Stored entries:
....

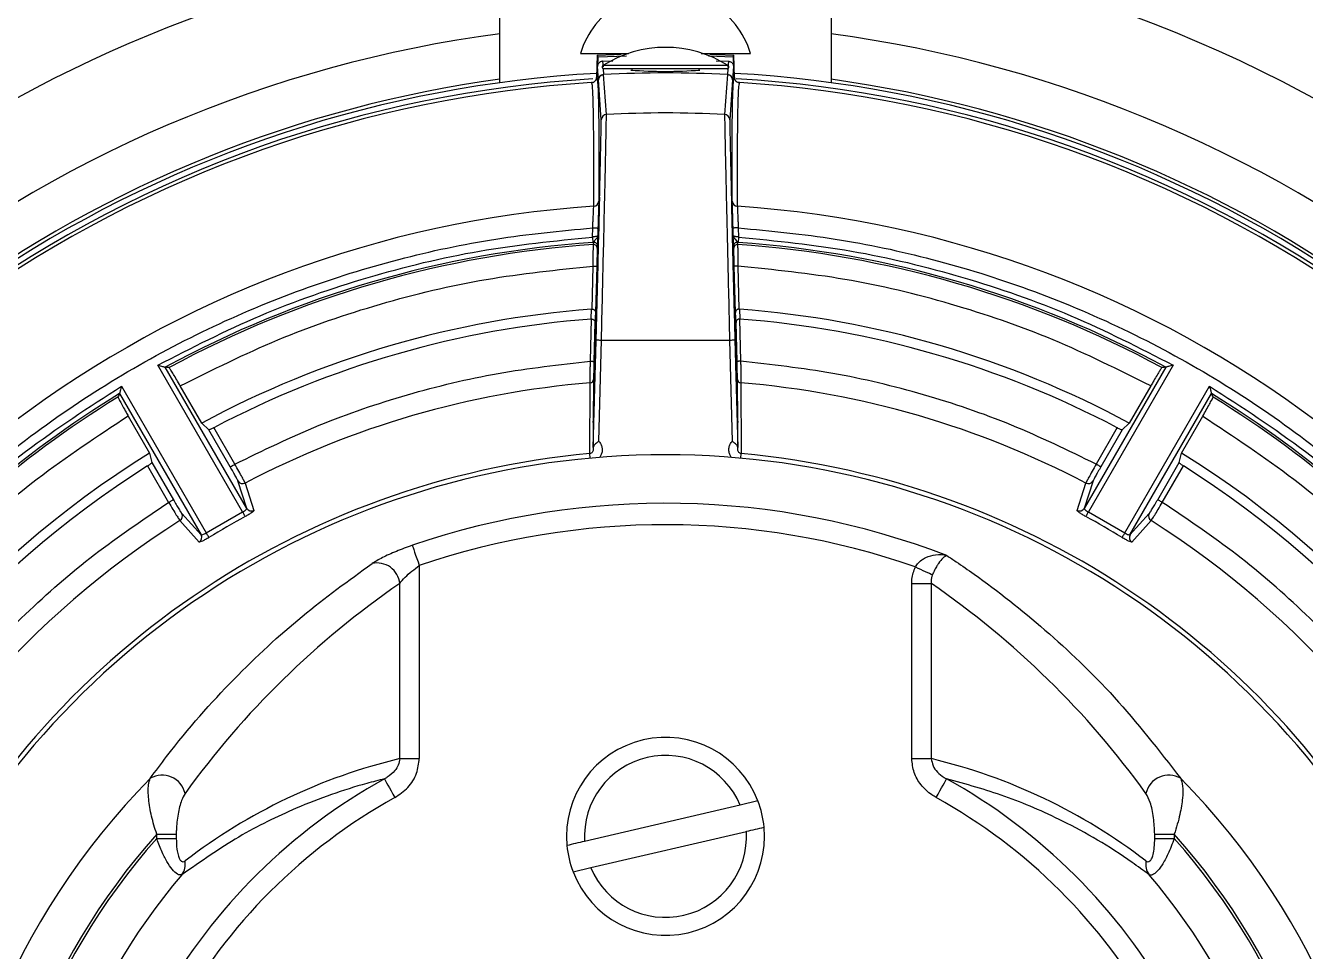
# Model space of a CAD drawing. Extents: x 8 to 113, y 0 to 87.
# Drawn here: x 105.195 to 108.75, y 37.749 to 40.32 of the extents above; entities that cross this region are included whole.
import ezdxf

# ---------------------------------------------------------------- set-up
doc = ezdxf.new("R2010")
doc.units = 0
doc.header["$MEASUREMENT"] = 0
doc.layers.add('OBJECT', color=7, linetype='CONTINUOUS')

msp = doc.modelspace()

# ---------------------------------------------------------------- linework, layer by layer
at = {"layer": 'OBJECT'}
for p, q in [((106.5127, 40.1617), (106.5127, 40.513)), ((107.4327, 40.513), (107.4327, 40.1617)), ((106.7367, 40.2432), (106.87, 40.2432)), ((106.8477, 40.2432), (106.8477, 40.2394)), ((107.0713, 40.2432), (107.2087, 40.2432)), ((107.0977, 40.2394), (107.0977, 40.2432)), ((106.783, 40.238), (106.7814, 40.1765)), ((106.783, 40.238), (106.7846, 40.2339)), ((106.7846, 40.2339), (106.7839, 40.207)), ((106.7864, 40.1698), (106.7839, 40.207)), ((106.7846, 40.2339), (106.8646, 40.2367)), ((106.7981, 40.2215), (106.8266, 40.2224)), ((106.7981, 40.2215), (106.7992, 40.2054)), ((107.1465, 40.2092), (106.7988, 40.2092)), ((107.092, 40.2364), (107.1608, 40.2339)), ((107.1135, 40.2227), (107.1473, 40.2215)), ((107.1473, 40.2215), (107.1461, 40.2045)), ((107.1615, 40.207), (107.159, 40.1698)), ((107.1608, 40.2339), (107.1624, 40.238)), ((107.1608, 40.2339), (107.1615, 40.207)), ((107.164, 40.1765), (107.1624, 40.238)), ((106.7864, 40.1698), (106.7864, 40.1698)), ((106.7942, 40.059), (106.7864, 40.1698)), ((106.7995, 40.2004), (106.8007, 40.1844)), ((106.8085, 40.0735), (106.8007, 40.1844)), ((107.1439, 40.2), (106.8015, 40.2)), ((106.8789, 40.2), (106.8789, 40.1969)), ((107.0664, 40.1969), (107.0664, 40.2)), ((107.1447, 40.1844), (107.1369, 40.0735)), ((107.1458, 40.2004), (107.1447, 40.1844)), ((107.159, 40.1698), (107.1512, 40.059)), ((107.159, 40.1698), (107.159, 40.1698)), ((106.7703, 40.1628), (106.7674, 40.1619)), ((107.178, 40.1619), (107.1751, 40.1628)), ((106.7698, 39.7329), (106.7705, 39.7585)), ((106.7855, 39.7581), (106.7849, 39.7357)), ((107.1605, 39.7357), (107.1599, 39.7581)), ((107.1749, 39.7585), (107.1755, 39.7329)), ((106.7698, 39.7329), (106.7709, 39.7179)), ((106.7709, 39.7179), (106.7734, 39.7181)), ((106.7725, 39.7123), (106.7734, 39.7181)), ((106.7841, 39.7079), (106.7831, 39.7021)), ((107.1622, 39.7021), (107.1613, 39.7079)), ((107.172, 39.7181), (107.1745, 39.7179)), ((107.172, 39.7181), (107.1729, 39.7123)), ((107.1755, 39.7329), (107.1745, 39.7179)), ((106.7686, 39.5328), (106.7717, 39.6521)), ((106.7817, 39.6519), (106.7783, 39.5233)), ((107.167, 39.5233), (107.1637, 39.6519)), ((107.1737, 39.6521), (107.1768, 39.5328)), ((106.766, 39.5054), (106.7675, 39.5327)), ((106.7686, 39.5328), (106.7675, 39.5327)), ((107.1768, 39.5328), (107.1778, 39.5327)), ((107.1778, 39.5327), (107.1794, 39.5054)), ((106.764, 39.3879), (106.7671, 39.5054)), ((106.7671, 39.5054), (106.766, 39.5054)), ((106.7768, 39.496), (106.774, 39.3876)), ((106.7783, 39.5233), (106.7768, 39.496)), ((107.1685, 39.496), (107.167, 39.5233)), ((107.1714, 39.3876), (107.1685, 39.496)), ((107.1783, 39.5054), (107.1794, 39.5054)), ((107.1783, 39.5054), (107.1814, 39.3879)), ((106.7719, 39.1485), (106.7797, 39.4473)), ((106.7874, 39.1658), (106.7947, 39.4469)), ((106.7947, 39.4469), (107.1507, 39.4469)), ((107.1507, 39.4469), (107.158, 39.1658)), ((107.1657, 39.4473), (107.1735, 39.1485)), ((105.798, 38.9696), (105.5627, 39.3772)), ((105.8097, 38.9794), (105.5833, 39.3714)), ((105.5833, 39.3714), (105.5833, 39.3714)), ((108.362, 39.3714), (108.1357, 38.9794)), ((108.3827, 39.3772), (108.1474, 38.9696)), ((108.362, 39.3714), (108.362, 39.3714)), ((105.4616, 39.3188), (105.6969, 38.9112)), ((105.6845, 39.2164), (105.6251, 39.3193)), ((106.7626, 39.1314), (106.7636, 39.3281)), ((106.7728, 39.3377), (106.7721, 39.2177)), ((107.1733, 39.2177), (107.1726, 39.3377)), ((107.1818, 39.3281), (107.1828, 39.1314)), ((108.2485, 38.9112), (108.4838, 39.3188)), ((108.3203, 39.3193), (108.2609, 39.2164)), ((105.4562, 39.298), (105.6826, 38.906)), ((105.4562, 39.298), (105.4562, 39.298)), ((108.2628, 38.906), (108.4891, 39.298)), ((108.4891, 39.298), (108.4891, 39.298)), ((105.4805, 39.2358), (105.5399, 39.1329)), ((105.7042, 39.1977), (105.6845, 39.2164)), ((106.7721, 39.2177), (106.772, 39.202)), ((107.1734, 39.202), (107.1733, 39.2177)), ((108.2609, 39.2164), (108.2411, 39.1977)), ((108.4055, 39.1329), (108.4649, 39.2358)), ((105.7637, 39.0947), (105.7042, 39.1977)), ((105.7767, 39.1022), (105.7181, 39.2036)), ((106.772, 39.202), (106.7717, 39.1415)), ((107.1737, 39.1415), (107.1734, 39.202)), ((108.2272, 39.2036), (108.1687, 39.1022)), ((108.2411, 39.1977), (108.1817, 39.0947)), ((106.7719, 39.1485), (106.7717, 39.1415)), ((107.1737, 39.1415), (107.1735, 39.1485)), ((105.5399, 39.1329), (105.5463, 39.1064)), ((105.5463, 39.1064), (105.6057, 39.0035)), ((106.7637, 39.1188), (106.7626, 39.1314)), ((107.1817, 39.1188), (107.1828, 39.1314)), ((108.3397, 39.0035), (108.3991, 39.1064)), ((108.3991, 39.1064), (108.4055, 39.1329)), ((105.5342, 39.0974), (105.5927, 38.996)), ((108.3526, 38.996), (108.4112, 39.0974)), ((105.8097, 38.9794), (105.7851, 39.0555)), ((105.805, 39.0498), (105.8296, 38.9737)), ((108.1158, 38.9737), (108.1404, 39.0498)), ((108.1602, 39.0555), (108.1357, 38.9794)), ((105.629, 38.9653), (105.6826, 38.906)), ((105.6969, 38.9112), (105.798, 38.9696)), ((108.1474, 38.9696), (108.2485, 38.9112)), ((108.2628, 38.906), (108.3164, 38.9653)), ((105.6775, 38.8859), (105.6239, 38.9452)), ((108.3214, 38.9452), (108.2679, 38.8859)), ((106.2887, 38.8203), (106.2887, 38.2842)), ((106.2344, 38.2842), (106.2344, 38.7706)), ((107.6566, 38.7706), (107.711, 38.7706)), ((107.6566, 38.2842), (107.6566, 38.7706)), ((107.711, 38.7706), (107.711, 38.2842)), ((106.2344, 38.2842), (106.2887, 38.2842)), ((107.6566, 38.2842), (107.711, 38.2842)), ((107.1802, 38.1552), (106.7481, 38.0543)), ((107.2295, 38.1667), (107.1802, 38.1552)), ((105.5595, 38.0743), (105.6138, 38.0743)), ((105.5595, 38.0627), (105.5595, 38.0743)), ((105.6138, 38.0743), (105.6138, 38.0627)), ((106.7652, 37.9813), (107.1973, 38.0821)), ((108.3315, 38.0743), (108.3859, 38.0743)), ((108.3315, 38.0627), (108.3315, 38.0743)), ((108.3859, 38.0743), (108.3859, 38.0627)), ((105.5595, 38.0627), (105.6138, 38.0627)), ((108.3315, 38.0627), (108.3859, 38.0627)), ((106.7159, 37.9698), (106.7652, 37.9813))]:
    msp.add_line(p, q, dxfattribs=at)
at = {"layer": 'OBJECT', "flags": 128}
for points in [[(106.783, 40.238), (106.8304, 40.2403), (106.8477, 40.2409)], [(107.0977, 40.2409), (107.115, 40.2403), (107.1624, 40.238)], [(106.7888, 39.8429), (106.7889, 39.8436), (106.7885, 39.8204), (106.7872, 39.7608), (106.786, 39.7139), (106.7846, 39.6557), (106.7829, 39.5884), (106.781, 39.5163), (106.7791, 39.4445), (106.7773, 39.3783), (106.7757, 39.3216), (106.7744, 39.2766), (106.7728, 39.2212), (106.772, 39.202), (106.772, 39.202)], [(106.7705, 39.7585), (106.7734, 39.7584), (106.7762, 39.7583), (106.7788, 39.7583), (106.7811, 39.7582), (106.783, 39.7581), (106.7844, 39.7581), (106.7852, 39.7581), (106.7855, 39.7581)], [(107.1749, 39.7585), (107.172, 39.7584), (107.1691, 39.7583), (107.1666, 39.7583), (107.1643, 39.7582), (107.1624, 39.7581), (107.161, 39.7581), (107.1602, 39.7581), (107.1599, 39.7581)], [(106.7717, 39.6521), (106.7737, 39.6521), (106.7755, 39.652), (106.7773, 39.652), (106.7788, 39.652), (106.78, 39.6519), (106.7809, 39.6519), (106.7815, 39.6519), (106.7817, 39.6519)], [(107.1737, 39.6521), (107.1717, 39.6521), (107.1699, 39.652), (107.1681, 39.652), (107.1666, 39.652), (107.1654, 39.6519), (107.1645, 39.6519), (107.1639, 39.6519), (107.1637, 39.6519)], [(106.7797, 39.4473), (106.78, 39.4473), (106.7809, 39.4472), (106.7823, 39.4472), (106.7841, 39.4472), (106.7864, 39.4471), (106.789, 39.447), (106.7918, 39.447), (106.7947, 39.4469)], [(107.1507, 39.4469), (107.1536, 39.447), (107.1564, 39.447), (107.159, 39.4471), (107.1613, 39.4472), (107.1631, 39.4472), (107.1645, 39.4472), (107.1654, 39.4473), (107.1657, 39.4473)], [(106.764, 39.3879), (106.766, 39.3878), (106.7678, 39.3878), (106.7695, 39.3878), (106.7711, 39.3877), (106.7723, 39.3877), (106.7732, 39.3877), (106.7738, 39.3876), (106.774, 39.3876)], [(107.1814, 39.3879), (107.1794, 39.3878), (107.1776, 39.3878), (107.1758, 39.3878), (107.1743, 39.3877), (107.1731, 39.3877), (107.1722, 39.3877), (107.1716, 39.3876), (107.1714, 39.3876)], [(105.7637, 39.0947), (105.764, 39.0948), (105.7648, 39.0953), (105.766, 39.096), (105.7676, 39.0969), (105.7696, 39.0981), (105.7718, 39.0993), (105.7742, 39.1007), (105.7767, 39.1022)], [(108.1817, 39.0947), (108.1814, 39.0948), (108.1806, 39.0953), (108.1794, 39.096), (108.1778, 39.0969), (108.1758, 39.0981), (108.1736, 39.0993), (108.1712, 39.1007), (108.1687, 39.1022)], [(105.5927, 38.996), (105.5952, 38.9974), (105.5976, 38.9988), (105.5999, 39.0001), (105.6018, 39.0012), (105.6034, 39.0021), (105.6046, 39.0028), (105.6054, 39.0033), (105.6057, 39.0035)], [(108.3526, 38.996), (108.3501, 38.9974), (108.3477, 38.9988), (108.3455, 39.0001), (108.3436, 39.0012), (108.342, 39.0021), (108.3407, 39.0028), (108.34, 39.0033), (108.3397, 39.0035)], [(105.798, 38.9696), (105.7993, 38.9672), (105.8006, 38.9649), (105.8017, 38.9628), (105.8028, 38.9608), (105.8037, 38.9592), (105.8044, 38.9579), (105.8049, 38.957), (105.8052, 38.9565)], [(108.1402, 38.9565), (108.1405, 38.957), (108.141, 38.9579), (108.1417, 38.9592), (108.1426, 38.9608), (108.1436, 38.9628), (108.1448, 38.9649), (108.1461, 38.9672), (108.1474, 38.9696)], [(105.7047, 38.8985), (105.7044, 38.899), (105.7038, 38.8998), (105.703, 38.9011), (105.7021, 38.9027), (105.7009, 38.9046), (105.6997, 38.9066), (105.6983, 38.9089), (105.6969, 38.9112)], [(108.2485, 38.9112), (108.2471, 38.9089), (108.2457, 38.9066), (108.2444, 38.9046), (108.2433, 38.9027), (108.2423, 38.9011), (108.2416, 38.8998), (108.241, 38.899), (108.2407, 38.8985)], [(106.2695, 38.8767), (106.2702, 38.8745), (106.2716, 38.8706), (106.2735, 38.865), (106.2759, 38.858), (106.2787, 38.8497), (106.2819, 38.8405), (106.2853, 38.8306), (106.2887, 38.8203)], [(107.6666, 38.8169), (107.6738, 38.8136), (107.6809, 38.8103), (107.6877, 38.8072), (107.6942, 38.8042), (107.7002, 38.8015), (107.7055, 38.799), (107.7102, 38.7968), (107.7142, 38.795)], [(106.192, 38.228), (106.1931, 38.226), (106.1951, 38.2223), (106.198, 38.2172), (106.2016, 38.2106), (106.2058, 38.203), (106.2106, 38.1945), (106.2156, 38.1853), (106.2209, 38.1759)], [(107.7245, 38.1759), (107.7298, 38.1853), (107.7348, 38.1945), (107.7395, 38.203), (107.7438, 38.2106), (107.7474, 38.2172), (107.7502, 38.2223), (107.7523, 38.226), (107.7534, 38.228)]]:
    msp.add_lwpolyline(points, dxfattribs=at)
at = {"layer": 'OBJECT'}
for centre, radius, start, end in [((106.9716, 36.8182), 3.76, 16.241, 79.9508), ((106.9716, 36.8182), 3.76, 108.032, 163.7596), ((106.9727, 40.1716), 0.2466, 120.9313, 163.1157), ((106.9727, 40.1716), 0.2466, 16.8843, 59.0687), ((106.9716, 36.8182), 3.5095, 97.5134, 128.8515), ((106.9716, 36.8182), 3.5095, 51.0995, 82.4503), ((106.9727, 39.937), 0.323, 57.4319, 122.5681), ((106.8015, 40.205), 0.005, 122.5681, 270), ((107.1439, 40.205), 0.005, 270, 57.4319), ((106.9716, 36.8182), 3.3845, 97.7926, 126.2372), ((106.9727, 36.8182), 3.36, 93.4489, 125.6636), ((106.9727, 36.8182), 3.375, 93.2438, 123.2401), ((106.8014, 40.1694), 0.015, 92.9033, 178.4721), ((106.9727, 36.8182), 3.3706, 87.0742, 92.9258), ((106.9719, 41.4275), 1.2343, 265.5535, 274.4667), ((107.144, 40.1694), 0.015, 1.5279, 87.0967), ((106.9727, 36.8182), 3.375, 56.7599, 86.7562), ((106.9727, 36.8182), 3.36, 54.3364, 86.658), ((106.9716, 36.8182), 3.3845, 53.7628, 82.1698), ((106.9727, 36.8182), 3.35, 93.5142, 125.5044), ((106.9727, 36.8182), 3.35, 54.4956, 86.4858), ((106.8092, 40.0586), 0.015, 92.8803, 178.4867), ((106.9727, 36.8182), 3.2595, 87.1121, 92.8879), ((107.1362, 40.0586), 0.015, 1.5133, 87.1197), ((106.9727, 36.8182), 3.0068, 93.8025, 160.2009), ((106.7724, 39.8333), 0.0149, 273.5675, 358.3078), ((107.173, 39.8333), 0.0149, 181.6922, 266.4325), ((106.9727, 36.8182), 3.0068, 19.7991, 86.1975), ((106.9727, 36.8182), 2.9067, 93.9812, 118.5533), ((106.9727, 36.8182), 2.901, 93.9579, 118.3816), ((106.7731, 39.7024), 0.01, 358.5077, 93.9575), ((106.7741, 39.7081), 0.01, 358.5095, 93.9304), ((107.1713, 39.7081), 0.01, 86.0696, 181.4922), ((107.1722, 39.7024), 0.01, 86.0425, 181.4923), ((106.9727, 36.8182), 2.901, 61.6184, 86.0421), ((106.9727, 36.8182), 2.9067, 61.4467, 86.0188), ((106.9727, 36.8182), 2.7223, 94.3219, 118.2428), ((106.9727, 36.8182), 2.7223, 61.7572, 85.6781), ((106.9727, 36.8182), 2.6951, 94.3977, 117.7416), ((106.9727, 36.8182), 2.6951, 62.2584, 85.6023), ((106.9727, 36.8182), 2.5186, 94.7615, 117.6208), ((106.7629, 39.338), 0.00996, 274.4909, 358.2925), ((107.1825, 39.338), 0.00996, 181.7075, 265.5091), ((106.9727, 36.8182), 2.5186, 62.3792, 85.2385), ((106.9727, 36.8182), 2.901, 121.6184, 159.7287), ((106.9727, 36.8182), 2.9067, 121.4467, 159.3669), ((106.9727, 36.8182), 2.9067, 20.6331, 58.5533), ((106.9727, 36.8182), 2.901, 20.2713, 58.3816), ((106.9727, 36.8182), 2.7223, 121.7572, 158.2371), ((106.9727, 36.8182), 2.3227, 95.19, 153.5932), ((106.9727, 36.8182), 2.31, 26.5633, 153.4367), ((106.9727, 36.8182), 2.3227, 26.4068, 84.81), ((106.9727, 36.8182), 2.7223, 21.7629, 58.2428), ((106.9727, 36.8182), 2.6951, 122.2584, 157.3213), ((106.9727, 36.8182), 2.6951, 22.6787, 57.7416), ((105.7981, 39.0631), 0.015, 210.4043, 297.6426), ((108.1473, 39.0631), 0.015, 242.3574, 329.5957), ((105.6159, 38.9579), 0.015, 302.3569, 29.5958), ((105.8226, 38.987), 0.015, 210.4069, 297.9536), ((106.9727, 36.8182), 2.1753, 68.9365, 108.8607), ((108.1228, 38.987), 0.015, 242.0464, 329.5931), ((108.3295, 38.9579), 0.015, 150.4042, 237.6431), ((106.9727, 36.8182), 2.5186, 122.3792, 155.8244), ((106.9727, 36.8182), 2.4363, 118.6351, 121.3649), ((106.9727, 36.8182), 2.1157, 70.8547, 108.8607), ((106.9727, 36.8182), 2.4363, 58.6351, 61.3649), ((106.9727, 36.8182), 2.5186, 24.1756, 57.6208), ((105.6695, 38.8986), 0.015, 302.0456, 29.5932), ((108.2759, 38.8986), 0.015, 150.4068, 237.9544), ((106.1721, 38.765), 0.0626, 5.2094, 103.3855), ((106.9727, 38.0682), 0.275, 20.9728, 185.2978), ((106.9727, 38.0682), 0.225, 22.7294, 183.5412), ((106.9727, 36.8182), 2.0098, 135.4001, 224.5999), ((105.5746, 38.1728), 0.0655, 13.1003, 120.1657), ((106.9727, 36.8182), 1.6115, 118.9766, 150.407), ((106.9727, 36.8182), 1.6115, 29.1881, 61.0234), ((108.3708, 38.1728), 0.0655, 59.8343, 166.8997), ((106.9727, 36.8182), 2.0098, 315.4001, 44.5999), ((106.9727, 36.8182), 1.5519, 118.9766, 151.1006), ((106.9727, 38.0682), 0.275, 5.2978, 20.9728), ((106.9727, 36.8182), 1.5519, 29.1881, 61.0234), ((106.9727, 36.8182), 1.8907, 138.3698, 221.6302), ((106.9727, 38.0682), 0.275, 200.9728, 5.2978), ((106.9727, 38.0682), 0.225, 202.7294, 3.5412), ((106.9727, 36.8182), 1.8907, 318.3698, 41.6302), ((106.9727, 36.8182), 1.8831, 138.6329, 221.3671), ((106.9727, 38.0682), 0.275, 185.2978, 200.9728), ((106.9727, 36.8182), 1.8831, 318.6329, 41.3671), ((105.5864, 37.9919), 0.0526, 324.7086, 8.9634), ((108.3589, 37.9919), 0.0526, 171.0366, 215.2914), ((106.9727, 36.8182), 1.764, 139.599, 220.401), ((106.9727, 36.8182), 1.764, 319.599, 40.401)]:
    msp.add_arc(centre, radius, start, end, dxfattribs=at)
for centre, major_axis, ratio, start_param, end_param in [((103.9021, 35.0454), (4.6065, 2.6595), 0.745432, 0.820323, 0.822517), ((110.0433, 35.0454), (4.6065, -2.6595), 0.745432, 2.319076, 2.32127), ((110.0433, 38.591), (4.6065, 2.6595), 0.745432, 2.319076, 2.32127), ((103.9021, 38.591), (4.6065, -2.6595), 0.745432, 0.820323, 0.822517), ((107.6823, 36.8182), (2.4885, 0), 0.964711, 2.191813, 2.534567), ((106.2631, 36.8182), (2.4885, 0), 0.964711, 0.607026, 0.94978), ((106.6146, 36.8182), (1.5665, 0), 0.964711, 1.815976, 2.24359), ((107.3308, 36.8182), (1.5665, 0), 0.964711, 0.898002, 1.325617)]:
    msp.add_ellipse(centre, major_axis=major_axis, ratio=ratio, start_param=start_param, end_param=end_param, dxfattribs=at)
for points, knots in [([(106.7981, 40.2215), (106.7971, 40.2214), (106.7951, 40.2212), (106.7923, 40.2202), (106.79, 40.2188), (106.7874, 40.2166), (106.7856, 40.2139), (106.7842, 40.2104), (106.784, 40.2084), (106.7839, 40.207)], [0, 0, 0, 0, 0.152075, 0.292239, 0.422142, 0.539512, 0.75246, 0.836113, 1, 1, 1, 1]), ([(107.1473, 40.2215), (107.1483, 40.2214), (107.1503, 40.2212), (107.1531, 40.2202), (107.1554, 40.2188), (107.158, 40.2166), (107.1598, 40.2139), (107.1612, 40.2104), (107.1614, 40.2084), (107.1615, 40.207)], [0, 0, 0, 0, 0.152075, 0.292239, 0.422142, 0.539512, 0.75246, 0.836113, 1, 1, 1, 1]), ([(106.7703, 40.1626), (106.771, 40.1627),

....

*What you need to do*
What are the lines of the data above that include the string "OBJECT"? Copy them.

*Output of the exercise*
doc.layers.add('OBJECT', color=7, linetype='CONTINUOUS')
at = {"layer": 'OBJECT'}
at = {"layer": 'OBJECT', "flags": 128}
at = {"layer": 'OBJECT'}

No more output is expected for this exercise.